Question

If ax² + bx + c is divided by x + 3, x – 5, and x – 1, the remainders are 21, 61 and 9 respectively. Find a, b and c. (Use Gaussian elimination method.)

Answer 1

P(x) = ax² + bx + c.

When P(x) is divided by x + 3, x – 5 and x – 1.

The remainders are respectively P(– 3), P(5) and P(1).

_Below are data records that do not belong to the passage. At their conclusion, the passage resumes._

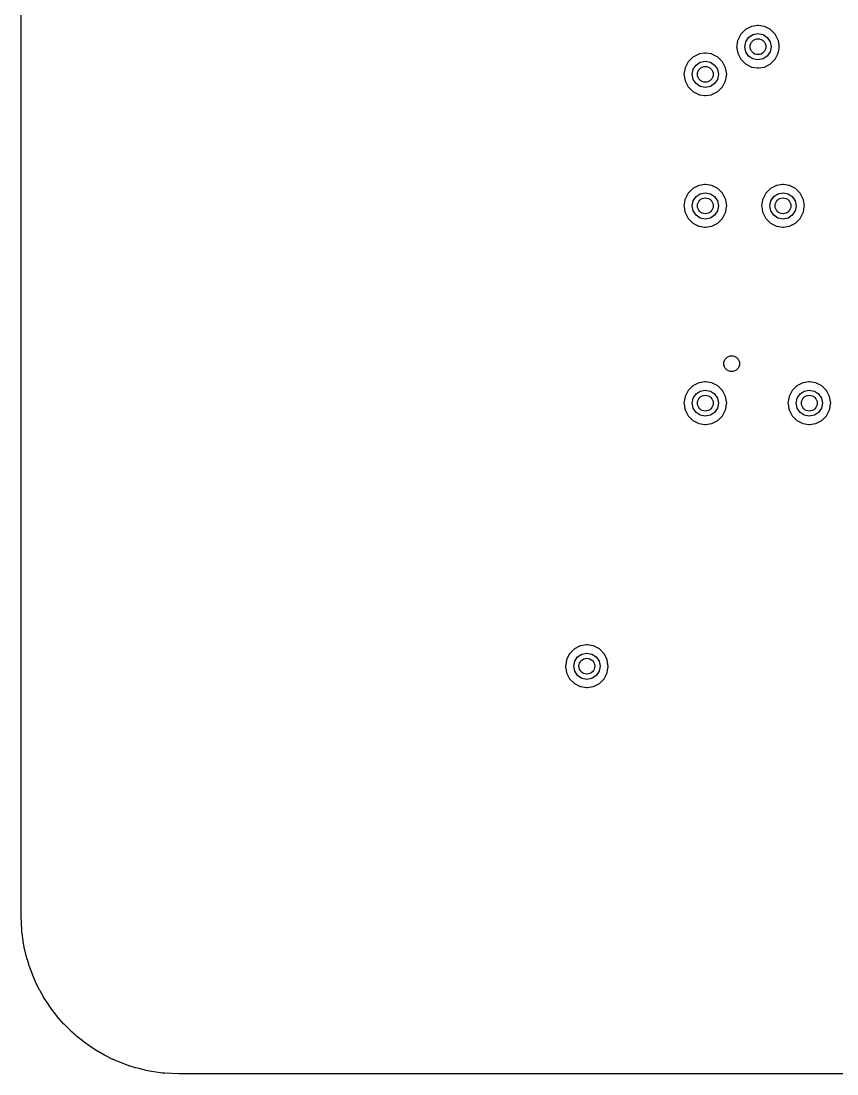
# Model space of a CAD drawing. Extents: x 4.53 to 6.3, y -4.68 to -2.19.
# Drawn here: x 4.528 to 5.138, y -4.685 to -3.897 of the extents above; entities that cross this region are included whole.
import ezdxf

# ---------------------------------------------------------------- set-up
doc = ezdxf.new("R2010")
doc.units = 0
doc.header["$MEASUREMENT"] = 0
doc.layers.add('BLACK', color=7, linetype='CONTINUOUS')

msp = doc.modelspace()

# ---------------------------------------------------------------- linework, layer by layer
at = {"layer": 'BLACK', "linetype": 'CONTINUOUS'}
for p, q in [((4.5276, -4.5668), (4.5276, -2.67729)), ((5.06582, -3.90697), (5.06356, -3.91143)), ((5.06936, -3.90344), (5.06582, -3.90697)), ((5.07381, -3.90118), (5.06936, -3.90344)), ((5.07178, -3.9094), (5.07497, -3.90726)), ((5.07419, -3.90111), (5.07381, -3.90118)), ((5.07835, -3.90046), (5.07419, -3.90111)), ((5.07419, -3.90111), (5.07419, -3.90111)), ((5.07497, -3.90726), (5.07874, -3.90652)), ((5.07874, -3.90039), (5.07835, -3.90046)), ((5.07913, -3.90046), (5.07874, -3.90039)), ((5.07874, -3.90652), (5.08251, -3.90726)), ((5.08329, -3.90111), (5.07913, -3.90046)), ((5.08251, -3.90726), (5.0857, -3.9094)), ((5.08367, -3.90118), (5.08329, -3.90111)), ((5.08329, -3.90111), (5.08329, -3.90111)), ((5.08812, -3.90344), (5.08367, -3.90118)), ((5.09166, -3.90697), (5.08812, -3.90344)), ((5.09392, -3.91143), (5.09166, -3.90697)), ((5.06291, -3.91553), (5.06278, -3.91636)), ((5.0635, -3.91181), (5.06291, -3.91553)), ((5.06356, -3.91143), (5.0635, -3.91181)), ((5.0635, -3.91181), (5.0635, -3.91181)), ((5.0689, -3.91636), (5.06965, -3.91259)), ((5.06965, -3.91259), (5.07178, -3.9094)), ((5.0857, -3.9094), (5.08783, -3.91259)), ((5.08783, -3.91259), (5.08858, -3.91636)), ((5.09398, -3.91181), (5.09392, -3.91143)), ((5.09457, -3.91553), (5.09398, -3.91181)), ((5.09398, -3.91181), (5.09398, -3.91181)), ((5.0947, -3.91636), (5.09457, -3.91553)), ((5.03444, -3.92182), (5.02999, -3.92409)), ((5.03482, -3.92176), (5.03444, -3.92182)), ((5.03898, -3.9211), (5.03482, -3.92176)), ((5.03482, -3.92176), (5.03482, -3.92176)), ((5.03937, -3.92104), (5.03898, -3.9211)), ((5.03976, -3.9211), (5.03937, -3.92104)), ((5.04392, -3.92176), (5.03976, -3.9211)), ((5.0443, -3.92182), (5.04392, -3.92176)), ((5.04392, -3.92176), (5.04392, -3.92176)), ((5.04875, -3.92409), (5.0443, -3.92182)), ((5.06278, -3.91636), (5.06284, -3.91674)), ((5.06284, -3.91674), (5.06301, -3.91781)), ((5.06301, -3.91781), (5.06356, -3.92129)), ((5.06356, -3.92129), (5.06582, -3.92574)), ((5.06965, -3.92012), (5.0689, -3.91636)), ((5.07178, -3.92332), (5.06965, -3.92012)), ((5.07497, -3.92545), (5.07178, -3.92332)), ((5.0857, -3.92332), (5.08251, -3.92545)), ((5.08783, -3.92012), (5.0857, -3.92332)), ((5.08858, -3.91636), (5.08783, -3.92012)), ((5.09166, -3.92574), (5.09392, -3.92129)), ((5.09392, -3.92129), (5.09448, -3.91781)), ((5.09448, -3.91781), (5.09464, -3.91674)), ((5.09464, -3.91674), (5.0947, -3.91636)), ((5.02645, -3.92762), (5.02419, -3.93207)), ((5.02999, -3.92409), (5.02645, -3.92762)), ((5.03028, -3.93324), (5.03241, -3.93005)), ((5.03241, -3.93005), (5.0356, -3.92791)), ((5.0356, -3.92791), (5.03937, -3.92717)), ((5.03937, -3.92717), (5.04314, -3.92791)), ((5.04314, -3.92791), (5.04633, -3.93005)), ((5.04633, -3.93005), (5.04846, -3.93324)), ((5.05229, -3.92762), (5.04875, -3.92409)), ((5.05455, -3.93207), (5.05229, -3.92762)), ((5.06582, -3.92574), (5.06936, -3.92927)), ((5.06936, -3.92927), (5.07381, -3.93154)), ((5.07874, -3.9262), (5.07497, -3.92545)), ((5.08251, -3.92545), (5.07874, -3.9262)), ((5.08367, -3.93154), (5.08812, -3.92927)), ((5.08812, -3.92927), (5.09166, -3.92574)), ((5.02419, -3.93207), (5.02341, -3.93701)), ((5.02341, -3.93701), (5.02419, -3.94194)), ((5.02953, -3.93701), (5.03028, -3.93324)), ((5.03028, -3.94077), (5.02953, -3.93701)), ((5.04846, -3.93324), (5.04921, -3.93701)), ((5.04921, -3.93701), (5.04846, -3.94077)), ((5.05533, -3.93701), (5.05455, -3.93207)), ((5.05455, -3.94194), (5.05533, -3.93701)), ((5.07381, -3.93154), (5.07419, -3.9316)), ((5.07419, -3.9316), (5.07419, -3.9316)), ((5.07419, -3.9316), (5.07835, -3.93226)), ((5.07835, -3.93226), (5.07874, -3.93232)), ((5.07874, -3.93232), (5.07913, -3.93226)), ((5.07913, -3.93226), (5.08329, -3.9316)), ((5.08329, -3.9316), (5.08367, -3.93154)), ((5.08329, -3.9316), (5.08329, -3.9316)), ((5.02419, -3.94194), (5.02645, -3.94639)), ((5.02645, -3.94639), (5.02999, -3.94992)), ((5.03241, -3.94397), (5.03028, -3.94077)), ((5.0356, -3.9461), (5.03241, -3.94397)), ((5.03937, -3.94685), (5.0356, -3.9461)), ((5.04314, -3.9461), (5.03937, -3.94685)), ((5.04633, -3.94397), (5.04314, -3.9461)), ((5.04846, -3.94077), (5.04633, -3.94397)), ((5.04875, -3.94992), (5.05229, -3.94639)), ((5.05229, -3.94639), (5.05455, -3.94194)), ((5.02999, -3.94992), (5.03444, -3.95219)), ((5.03444, -3.95219), (5.03482, -3.95225)), ((5.03482, -3.95225), (5.03482, -3.95225)), ((5.03482, -3.95225), (5.03898, -3.95291)), ((5.03898, -3.95291), (5.03937, -3.95297)), ((5.03937, -3.95297), (5.03976, -3.95291)), ((5.03976, -3.95291), (5.04392, -3.95225)), ((5.04392, -3.95225), (5.0443, -3.95219)), ((5.04392, -3.95225), (5.04392, -3.95225)), ((5.0443, -3.95219), (5.04875, -3.94992)), ((5.02999, -4.02252), (5.02645, -4.02605)), ((5.03444, -4.02025), (5.02999, -4.02252)), ((5.03482, -4.02019), (5.03444, -4.02025)), ((5.03898, -4.01953), (5.03482, -4.02019)), ((5.03482, -4.02019), (5.03482, -4.02019)), ((5.0356, -4.02634), (5.03937, -4.02559)), ((5.03937, -4.01947), (5.03898, -4.01953)), ((5.03976, -4.01953), (5.03937, -4.01947)), ((5.03937, -4.02559), (5.04314, -4.02634)), ((5.04392, -4.02019), (5.03976, -4.01953)), ((5.0443, -4.02025), (5.04392, -4.02019)), ((5.04392, -4.02019), (5.04392, -4.02019)), ((5.04875, -4.02252), (5.0443, -4.02025)), ((5.05229, -4.02605), (5.04875, -4.02252)), ((5.08808, -4.02252), (5.08455, -4.02605)), ((5.09253, -4.02025), (5.08808, -4.02252)), ((5.09291, -4.02019), (5.09253, -4.02025)), ((5.09708, -4.01953), (5.09291, -4.02019)), ((5.09291, -4.02019), (5.09291, -4.02019)), ((5.09369, -4.02634), (5.09746, -4.02559)), ((5.09746, -4.01947), (5.09708, -4.01953)), ((5.09785, -4.01953), (5.09746, -4.01947)), ((5.09746, -4.02559), (5.10123, -4.02634)), ((5.10201, -4.02019), (5.09785, -4.01953)), ((5.10239, -4.02025), (5.10201, -4.02019)), ((5.10201, -4.02019), (5.10201, -4.02019)), ((5.10684, -4.02252), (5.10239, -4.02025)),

We are given that P(– 3) = 21

P(5) = 61

P(1) = 9

Now P(– 3) = 21

⇒ a(– 3)² + b(– 3) + c = 21

⇒ 9a – 3b + c = 21  ........(1)

P(5) = 61

⇒ a(5)² + b(5) + c = 61

⇒ 25a + 5b + c = 61  .......(2)

P(1) = 9

⇒ a(1)² + b(1) + c = 9

⇒ a + b + c = 9   .......(3)

Now the matrix form of the above three equations is

`[(9, -3, 1),(25, 5, 1),(1, 1, 1)] [("a"),("b"),("C")] = [(21),(61),(9)]`

(i.e) AX = B

The augmented matrix (A, B) is

[A, B] = `[(9, -3, 1, 21),(25, 5, 1, 61),(1, 1, 1, 9)]`

`˜ [(1, 1, 1, 9),(25, 5, 1, 61),(9, -3, 1, 21)] "R"_1 ↔ "R"_3`

`[(1, 1, 1, 9),(25, 5, 1, 61),(9, -3, 1, 21)] ˜ [(1, 1, 1, 9),(0, -20, -24, -164),(0, -12, -8, -60)] {:("R"_2 -> "R"_2 - 25"R"_1),("R"_3 -> "R"_3 - 9"R"_1):}`

`˜ [(1, 1, 1, 9),(0, -20, -24, -164),(0, 12, 8, 60)] "R"_3 -> - "R"_3`

`˜ [(1, 1, 1, 9),(0, -20, -24, -164),(0, 0, -32, -192)] "R"_3 -> - 5"R"_3 + 3"R"_2`

The above matrix is in echelon form now writing the equivalent equations.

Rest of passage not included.